Agreed, one or two countries cannot take them all - however, if in the same situation, you would want to make it to a country that is "rich" for a better life than one that cannot provide you with the life you want for yourself and your family. And answer me this - are you in the mind of every single person trying to get into these Western countries? No? Then please stop making generalized assumptions. Some may want that government subsidized house and free handouts. Many more want to just settle in, get jobs and support their families. You cannot judge the whole lot based upon some and it is extremely frustrating that you keep doing this.

Quote
I'm appalled at how they are treated in refugee camps because there is no alternative.

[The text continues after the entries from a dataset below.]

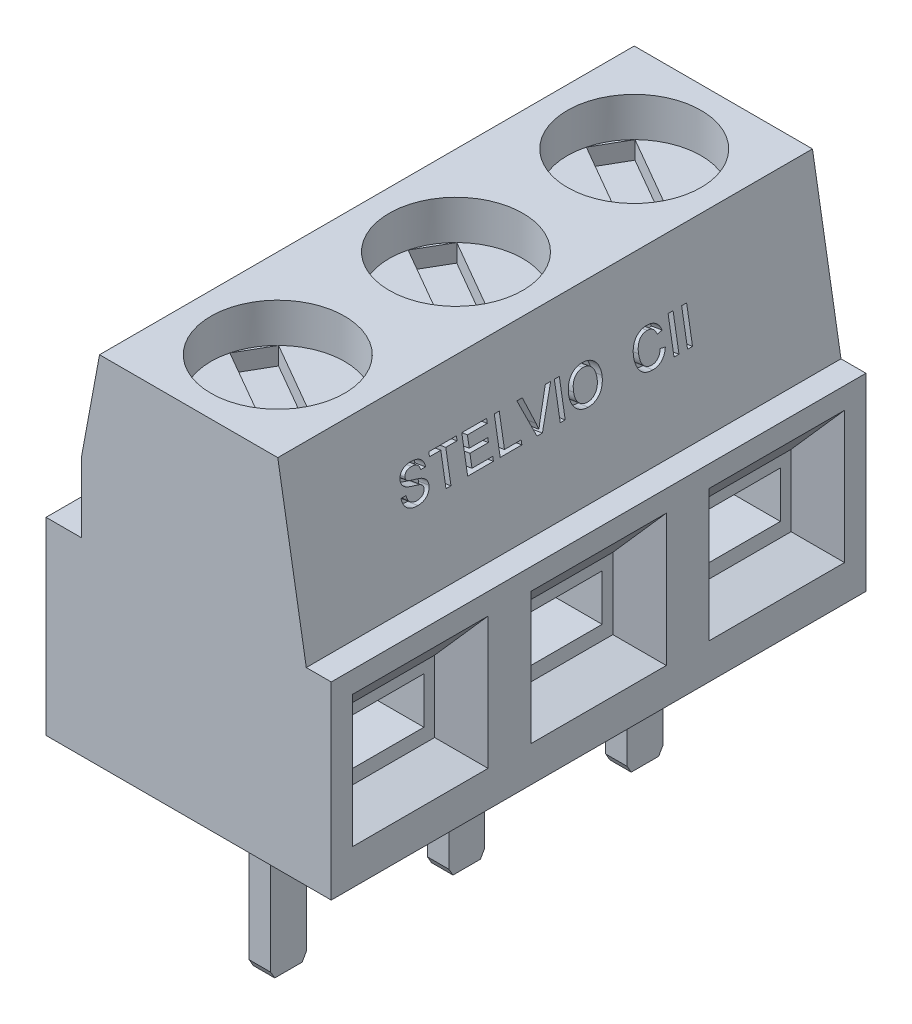
from build123d import *
from OCP.BRepFilletAPI import BRepFilletAPI_MakeChamfer

# Parameters (mm, degrees)
Z_KLAD_PROTA_EN_DEPTH    = 15
SKICA2_R                 = 1.875
ODEBR_N_PROTA_EN_1_DEPTH = 1.1
ODEBR_N_PROTA_EN_2_DEPTH = 0.5
SKICA4_W                 = 2.1
SKICA4_H                 = 3
SKICA4_W_2               = 1.2
SKICA4_H_2               = 1
ODEBR_N_PROTA_EN_3_DEPTH = 0.5
SKICA5_W                 = 2.8
SKICA5_H                 = 2
ODEBR_N_PROTA_EN_4_DEPTH = 1
LINE_RN_POLE1_COUNT      = 3
LINE_RN_POLE1_PITCH      = 5
ZKOSEN_1_SIZE            = 1.2
ZKOSEN_1_SIZE_2          = 1
ZKOSEN_2_SIZE            = 0.5
ZKOSEN_2_SIZE_2          = 1
SKICA6_W                 = 2.1
SKICA6_H                 = 1.3
ODEBR_N_PROTA_EN_5_DEPTH = 2
LINE_RN_POLE2_COUNT      = 3
LINE_RN_POLE2_PITCH      = 5
SKICA7_W                 = 0.6
SKICA7_H                 = 1
P_ID_N_PROTA_EN_1_DEPTH  = 4.8
LINE_RN_POLE3_COUNT      = 3
LINE_RN_POLE3_PITCH      = 5
ZKOSEN_3_SIZE            = 0.2
ZKOSEN_3_SIZE2           = 0.115470054
SKICA9_W                 = 0.139326146
SKICA9_H                 = 0.987949033
ODEBR_N_PROTA_EN_6_DEPTH = 0.3


# Some blends are built 0.0001 mm under size
with BuildPart() as part:
    # Skica1 → Základ-Protažení (new body)
    with BuildSketch(Plane.XY):
        Polygon((-2.5, 10), (2.5, 10), (3.3, 5.3), (4, 5.3), (4, 0), (-4, 0), (-4, 5.3), (-3, 5.3), (-3, 7.3), align=None)
    extrude(amount=Z_KLAD_PROTA_EN_DEPTH)

    # Skica2 → Odebrání-Protažení1 (cut)
    with BuildSketch(Plane(origin=(0, 10, 0), x_dir=(-1, 0, 0), z_dir=(0, 1, 0))):
        with Locations(Location((0, 2.5, 0), (0, 0, 90))):
            Circle(SKICA2_R)
        with Locations(Location((0, 7.5, 0), (0, 0, 90))):
            Circle(SKICA2_R)
        with Locations(Location((0, 12.5, 0), (0, 0, 90))):
            Circle(SKICA2_R)
    extrude(amount=-ODEBR_N_PROTA_EN_1_DEPTH, mode=Mode.SUBTRACT)

    # Skica3 → Odebrání-Protažení2 (cut)
    with BuildSketch(Plane(origin=(0, 8.9, 0), x_dir=(-1, 0, 0), z_dir=(0, 1, 0))):
        Polygon((1.814998003, 2.029460683), (-1.314998003, 3.83656472), (-1.814998003, 2.970539317), (1.314998003, 1.16343528), align=None)
        Polygon((1.814998003, 7.029460683), (-1.314998003, 8.83656472), (-1.814998003, 7.970539317), (1.314998003, 6.16343528), align=None)
        Polygon((1.814998003, 12.029460683), (-1.314998003, 13.83656472), (-1.814998003, 12.970539317), (1.314998003, 11.16343528), align=None)
    extrude(amount=-ODEBR_N_PROTA_EN_2_DEPTH, mode=Mode.SUBTRACT)

    # Skica4 → Odebrání-Protažení3 (cut)
    with BuildSketch(Plane.ZY.offset(4)):
        with Locations((12.5, 3.8)):
            Rectangle(SKICA4_W, SKICA4_H)
        with Locations((12.5, 0.5)):
            Rectangle(SKICA4_W_2, SKICA4_H_2)
        with Locations((7.5, 3.8)):
            Rectangle(SKICA4_W, SKICA4_H)
        with Locations((7.5, 0.5)):
            Rectangle(SKICA4_W_2, SKICA4_H_2)
        with Locations((2.5, 3.8)):
            Rectangle(SKICA4_W, SKICA4_H)
        with Locations((2.5, 0.5)):
            Rectangle(SKICA4_W_2, SKICA4_H_2)
    extrude(amount=-ODEBR_N_PROTA_EN_3_DEPTH, mode=Mode.SUBTRACT)

    # Skica5 → Odebrání-Protažení4 (cut)
    with BuildSketch(Plane(origin=(4, 0, 0), x_dir=(0, 0, -1), z_dir=(1, 0, 0))):
        with Locations((-12.5, 2.5)):
            Rectangle(SKICA5_W, SKICA5_H)
    odebr_n_prota_en_4 = extrude(amount=-ODEBR_N_PROTA_EN_4_DEPTH, mode=Mode.SUBTRACT)

    # Lineární Pole1: Odebrání-Protažení4 ×3
    with Locations(*[(0, 0, -i * LINE_RN_POLE1_PITCH) for i in range(1, LINE_RN_POLE1_COUNT)]):
        add(odebr_n_prota_en_4, mode=Mode.SUBTRACT)

    # Zkosení1
    # the kernel refuses this chamfer: 1.2, 1 mm, written as the material it adds along each edge
    # the kernel refuses this chamfer: 1.2, 1 mm, written as the material it takes off along each edge
    with BuildSketch(Plane(origin=(4, 3.5, 13.9), x_dir=(0.024836286378920516, 0.9996915318631564, 0), z_dir=(0, 0, -1)), Plane(origin=(4, 3.5, 8.9), x_dir=(0.024836286378920516, 0.9996915318631564, 0), z_dir=(0, 0, -1)), Plane(origin=(4, 3.5, 3.9), x_dir=(0.024836286378920516, 0.9996915318631564, 0), z_dir=(0, 0, -1))) as zkosen_1_2_piece_1:
        Polygon((ZKOSEN_1_SIZE * 0.999691531863, -ZKOSEN_1_SIZE * 0.0248362863789), (-ZKOSEN_1_SIZE_2 * 0.0248362863789, -ZKOSEN_1_SIZE_2 * 0.999691531863), (0, 0), align=None)
    extrude(amount=2.8, mode=Mode.SUBTRACT)
    with BuildSketch(Plane(origin=(4, 3.5, 16.993140689), x_dir=(0.024836286378920505, 0.9996915318631564, 0), z_dir=(0, 0, -1))) as zkosen_1_2_piece_2_section:
        Polygon((ZKOSEN_1_SIZE * 0.999691531863, -ZKOSEN_1_SIZE * 0.0248362863789), (-ZKOSEN_1_SIZE_2 * 0.0248362863789, -ZKOSEN_1_SIZE_2 * 0.999691531863), (0, 0), align=None)
    zkosen_1_2_piece_2 = extrude(amount=8.986281378, mode=Mode.PRIVATE)
    zkosen_1_2_piece_2 = split(zkosen_1_2_piece_2, bisect_by=Plane(origin=(3.666666667, 3.9, 8.9), z_dir=(0, 0, -1)), keep=Keep.TOP, mode=Mode.PRIVATE)
    add(zkosen_1_2_piece_2, mode=Mode.SUBTRACT)
    with BuildSketch(Plane(origin=(4, 3.5, 11.993140689), x_dir=(0.024836286378920505, 0.9996915318631564, 0), z_dir=(0, 0, -1))) as zkosen_1_2_piece_3_section:
        Polygon((ZKOSEN_1_SIZE * 0.999691531863, -ZKOSEN_1_SIZE * 0.0248362863789), (-ZKOSEN_1_SIZE_2 * 0.0248362863789, -ZKOSEN_1_SIZE_2 * 0.999691531863), (0, 0), align=None)
    zkosen_1_2_piece_3 = extrude(amount=8.986281378, mode=Mode.PRIVATE)
    zkosen_1_2_piece_3 = split(zkosen_1_2_piece_3, bisect_by=Plane(origin=(3.666666667, 3.9, 11.1), z_dir=(0, 0, 1)), keep=Keep.TOP, mode=Mode.PRIVATE)
    add(zkosen_1_2_piece_3, mode=Mode.SUBTRACT)
    with BuildSketch(Plane(origin=(4, 3.5, 11.993140689), x_dir=(0.024836286378920505, 0.9996915318631564, 0), z_dir=(0, 0, -1))) as zkosen_1_2_piece_4_section:
        Polygon((ZKOSEN_1_SIZE * 0.999691531863, -ZKOSEN_1_SIZE * 0.0248362863789), (-ZKOSEN_1_SIZE_2 * 0.0248362863789, -ZKOSEN_1_SIZE_2 * 0.999691531863), (0, 0), align=None)
    zkosen_1_2_piece_4 = extrude(amount=8.986281378, mode=Mode.PRIVATE)
    zkosen_1_2_piece_4 = split(zkosen_1_2_piece_4, bisect_by=Plane(origin=(3.666666667, 3.9, 3.9), z_dir=(0, 0, -1)), keep=Keep.TOP, mode=Mode.PRIVATE)
    add(zkosen_1_2_piece_4, mode=Mode.SUBTRACT)
    with BuildSketch(Plane(origin=(4, 3.5, 6.993140689), x_dir=(0.024836286378920505, 0.9996915318631564, 0), z_dir=(0, 0, -1))) as zkosen_1_2_piece_5_section:
        Polygon((ZKOSEN_1_SIZE * 0.999691531863, -ZKOSEN_1_SIZE * 0.0248362863789), (-ZKOSEN_1_SIZE_2 * 0.0248362863789, -ZKOSEN_1_SIZE_2 * 0.999691531863), (0, 0), align=None)
    zkosen_1_2_piece_5 = extrude(amount=8.986281378, mode=Mode.PRIVATE)
    zkosen_1_2_piece_5 = split(zkosen_1_2_piece_5, bisect_by=Plane(origin=(3.666666667, 3.9, 6.1), z_dir=(0, 0, 1)), keep=Keep.TOP, mode=Mode.PRIVATE)
    add(zkosen_1_2_piece_5, mode=Mode.SUBTRACT)

    # Zkosení2
    zkosen_2_edges_1 = [part.edges().sort_by_distance(p)[0] for p in [
        (4, 3.1, 13.9),
    ]]
    zkosen_2_side_1 = [part.faces().sort_by_distance(p)[0] for p in [
        (4, 3.1, 13.91),
    ]]
    zkosen_2_edges_2 = [part.edges().sort_by_distance(p)[0] for p in [
        (4, 1.5, 12.5),
    ]]
    zkosen_2_side_2 = [part.faces().sort_by_distance(p)[0] for p in [
        (4, 1.49, 12.5),
    ]]
    zkosen_2_edges_3 = [part.edges().sort_by_distance(p)[0] for p in [
        (4, 3.1, 11.1),
    ]]
    zkosen_2_side_3 = [part.faces().sort_by_distance(p)[0] for p in [
        (4, 3.1, 11.09),
    ]]
    zkosen_2_edges_4 = [part.edges().sort_by_distance(p)[0] for p in [
        (4, 3.1, 8.9),
    ]]
    zkosen_2_side_4 = [part.faces().sort_by_distance(p)[0] for p in [
        (4, 3.1, 8.91),
    ]]
    zkosen_2_edges_5 = [part.edges().sort_by_distance(p)[0] for p in [
        (4, 1.5, 7.5),
    ]]
    zkosen_2_side_5 = [part.faces().sort_by_distance(p)[0] for p in [
        (4, 1.49, 7.5),
    ]]
    zkosen_2_edges_6 = [part.edges().sort_by_distance(p)[0] for p in [
        (4, 3.1, 6.1),
    ]]
    zkosen_2_side_6 = [part.faces().sort_by_distance(p)[0] for p in [
        (4, 3.1, 6.09),
    ]]
    zkosen_2_edges_7 = [part.edges().sort_by_distance(p)[0] for p in [
        (4, 3.1, 3.9),
    ]]
    zkosen_2_side_7 = [part.faces().sort_by_distance(p)[0] for p in [
        (4, 3.1, 3.91),
    ]]
    zkosen_2_edges_8 = [part.edges().sort_by_distance(p)[0] for p in [
        (4, 3.1, 1.1),
    ]]
    zkosen_2_side_8 = [part.faces().sort_by_distance(p)[0] for p in [
        (4, 3.1, 1.09),
    ]]
    zkosen_2_edges_9 = [part.edges().sort_by_distance(p)[0] for p in [
        (4, 1.5, 2.5),
    ]]
    zkosen_2_side_9 = [part.faces().sort_by_distance(p)[0] for p in [
        (4, 1.49, 2.5),
    ]]
    zkosen_2 = BRepFilletAPI_MakeChamfer(part.part.solid().wrapped)
    for e in zkosen_2_edges_1:
        zkosen_2.Add(ZKOSEN_2_SIZE - 0.0001, ZKOSEN_2_SIZE_2 - 0.0001, e.wrapped, zkosen_2_side_1[0].wrapped)
    for e in zkosen_2_edges_2:
        zkosen_2.Add(ZKOSEN_2_SIZE - 0.0001, ZKOSEN_2_SIZE_2 - 0.0001, e.wrapped, zkosen_2_side_2[0].wrapped)
    for e in zkosen_2_edges_3:
        zkosen_2.Add(ZKOSEN_2_SIZE - 0.0001, ZKOSEN_2_SIZE_2 - 0.0001, e.wrapped, zkosen_2_side_3[0].wrapped)
    for e in zkosen_2_edges_4:
        zkosen_2.Add(ZKOSEN_2_SIZE - 0.0001, ZKOSEN_2_SIZE_2 - 0.0001, e.wrapped, zkosen_2_side_4[0].wrapped)
    for e in zkosen_2_edges_5:
        zkosen_2.Add(ZKOSEN_2_SIZE - 0.0001, ZKOSEN_2_SIZE_2 - 0.0001, e.wrapped, zkosen_2_side_5[0].wrapped)
    for e in zkosen_2_edges_6:
        zkosen_2.Add(ZKOSEN_2_SIZE - 0.0001, ZKOSEN_2_SIZE_2 - 0.0001, e.wrapped, zkosen_2_side_6[0].wrapped)
    for e in zkosen_2_edges_7:
        zkosen_2.Add(ZKOSEN_2_SIZE - 0.0001, ZKOSEN_2_SIZE_2 - 0.0001, e.wrapped, zkosen_2_side_7[0].wrapped)
    for e in zkosen_2_edges_8:
        zkosen_2.Add(ZKOSEN_2_SIZE - 0.0001, ZKOSEN_2_SIZE_2 - 0.0001, e.wrapped, zkosen_2_side_8[0].wrapped)
    for e in zkosen_2_edges_9:
        zkosen_2.Add(ZKOSEN_2_SIZE - 0.0001, ZKOSEN_2_SIZE_2 - 0.0001, e.wrapped, zkosen_2_side_9[0].wrapped)
    add(Compound.cast(zkosen_2.Shape()), mode=Mode.REPLACE)  # a hair under: the kernel refuses the full size

    # Skica6 → Odebrání-Protažení5 (cut)
    with BuildSketch(Plane(origin=(3, 0, 0), x_dir=(0, 0, -1), z_dir=(1, 0, 0))):
        with Locations((-12.45, 2.55)):
            Rectangle(SKICA6_W, SKICA6_H)
    odebr_n_prota_en_5 = extrude(amount=-ODEBR_N_PROTA_EN_5_DEPTH, mode=Mode.SUBTRACT)

    # Lineární Pole2: Odebrání-Protažení5 ×3
    with Locations(*[(0, 0, -i * LINE_RN_POLE2_PITCH) for i in range(1, LINE_RN_POLE2_COUNT)]):
        add(odebr_n_prota_en_5, mode=Mode.SUBTRACT)

    # Skica7 → Přidání-Protažení1 (add)
    with BuildSketch(Plane.XZ):
        with Locations((0, 2.5)):
            Rectangle(SKICA7_W, SKICA7_H)
    p_id_n_prota_en_1 = extrude(amount=P_ID_N_PROTA_EN_1_DEPTH)

    # Lineární Pole3: Přidání-Protažení1 ×3
    with Locations(*[(0, 0, i * LINE_RN_POLE3_PITCH) for i in range(1, LINE_RN_POLE3_COUNT)]):
        add(p_id_n_prota_en_1)

    # Zkosení3: one chamfer whose edges measure the first distance from different faces: ONE call of the kernel's chamfer builder (chamfer() names one face for all edges)
    zkosen_3_edges_1 = [part.edges().sort_by_distance(p)[0] for p in [
        (0, -4.8, 2),
    ]]
    zkosen_3_side_1 = [part.faces().sort_by_distance(p)[0] for p in [
        (0, -2.4, 2),
    ]]
    zkosen_3_edges_2 = [part.edges().sort_by_distance(p)[0] for p in [
        (0, -4.8, 3),
    ]]
    zkosen_3_side_2 = [part.faces().sort_by_distance(p)[0] for p in [
        (0, -2.4, 3),
    ]]
    zkosen_3_edges_3 = [part.edges().sort_by_distance(p)[0] for p in [
        (0, -4.8, 7),
    ]]
    zkosen_3_side_3 = [part.faces().sort_by_distance(p)[0] for p in [
        (0, -2.4, 7),
    ]]
    zkosen_3_edges_4 = [part.edges().sort_by_distance(p)[0] for p in [
        (0, -4.8, 8),
    ]]
    zkosen_3_side_4 = [part.faces().sort_by_distance(p)[0] for p in [
        (0, -2.4, 8),
    ]]
    zkosen_3_edges_5 = [part.edges().sort_by_distance(p)[0] for p in [
        (0, -4.8, 12),
    ]]
    zkosen_3_side_5 = [part.faces().sort_by_distance(p)[0] for p in [
        (0, -2.4, 12),
    ]]
    zkosen_3_edges_6 = [part.edges().sort_by_distance(p)[0] for p in [
        (0, -4.8, 13),
    ]]
    zkosen_3_side_6 = [part.faces().sort_by_distance(p)[0] for p in [
        (0, -2.4, 13),
    ]]
    zkosen_3 = BRepFilletAPI_MakeChamfer(part.part.solid().wrapped)
    for e in zkosen_3_edges_1:
        zkosen_3.Add(ZKOSEN_3_SIZE, ZKOSEN_3_SIZE2, e.wrapped, zkosen_3_side_1[0].wrapped)  # the first distance lies on this face
    for e in zkosen_3_edges_2:
        zkosen_3.Add(ZKOSEN_3_SIZE, ZKOSEN_3_SIZE2, e.wrapped, zkosen_3_side_2[0].wrapped)  # the first distance lies on this face
    for e in zkosen_3_edges_3:
        zkosen_3.Add(ZKOSEN_3_SIZE, ZKOSEN_3_SIZE2, e.wrapped, zkosen_3_side_3[0].wrapped)  # the first distance lies on this face
    for e in zkosen_3_edges_4:
        zkosen_3.Add(ZKOSEN_3_SIZE, ZKOSEN_3_SIZE2, e.wrapped, zkosen_3_side_4[0].wrapped)  # the first distance lies on this face
    for e in zkosen_3_edges_5:
        zkosen_3.Add(ZKOSEN_3_SIZE, ZKOSEN_3_SIZE2, e.wrapped, zkosen_3_side_5[0].wrapped)  # the first distance lies on this face
    for e in zkosen_3_edges_6:
        zkosen_3.Add(ZKOSEN_3_SIZE, ZKOSEN_3_SIZE2, e.wrapped, zkosen_3_side_6[0].wrapped)  # the first distance lies on this face
    add(Compound.cast(zkosen_3.Shape()), mode=Mode.REPLACE)

    # Skica9 → Odebrání-Protažení6 (cut)
    # profile 1 of 10: a face of its own
    with BuildSketch(Plane(origin=(4.083809943, 0.695116586, 0), x_dir=(0, 0, -1), z_dir=(0.9858211697841271, 0.16779934804836208, 0))):
        with BuildLine():
            Line((-11.936669934, 7.080695685), (-11.797343788, 7.080695685))
            add(Edge.make_bspline(
                [(-11.797343788, 7.080695685), (-11.795811281, 7.068186113), (-11.792867253, 7.044154552), (-11.784635457, 7.010093431), (-11.774040604, 6.979468988), (-11.760839709, 6.951874782), (-11.743474434, 6.927641666), (-11.722552266, 6.905783766), (-11.697143431, 6.886856147), (-11.668462648, 6.870011807), (-11.636520261, 6.856786336), (-11.602418913, 6.846982076), (-11.56632124, 6.841172975), (-11.541603774, 6.840423915), (-11.528982632, 6.840041434)],
                knots=[0, 0, 0, 0, 1.125557648, 2.162256852, 3.1243583, 4.018160113, 4.88511607, 5.777380551, 6.711250965, 7.707237736, 8.743031335, 9.791730543, 10.872421559, 12, 12, 12, 12], degree=3))
            add(Edge.make_bspline(
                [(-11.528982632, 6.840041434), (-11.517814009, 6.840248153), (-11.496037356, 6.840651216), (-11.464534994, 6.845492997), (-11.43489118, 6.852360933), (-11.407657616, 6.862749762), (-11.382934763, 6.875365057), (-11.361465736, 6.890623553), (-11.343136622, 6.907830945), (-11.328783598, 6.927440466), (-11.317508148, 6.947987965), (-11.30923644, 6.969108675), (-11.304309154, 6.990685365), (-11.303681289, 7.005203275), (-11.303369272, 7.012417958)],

Yes there are alternatives. Icelanders have shown that.

Quote
And I'm sorry, refugees throwing away food and water that is gifted to them by a country willing to help them, have no rights anymore. Hungary and other European countries are showing their goodwill to help them and what do they get? The refugees want more, more and more. When my nan baked cookies and I had all of them but one, getting angry when nan ate it herself, was called greedy and impolite. It's how I was raised.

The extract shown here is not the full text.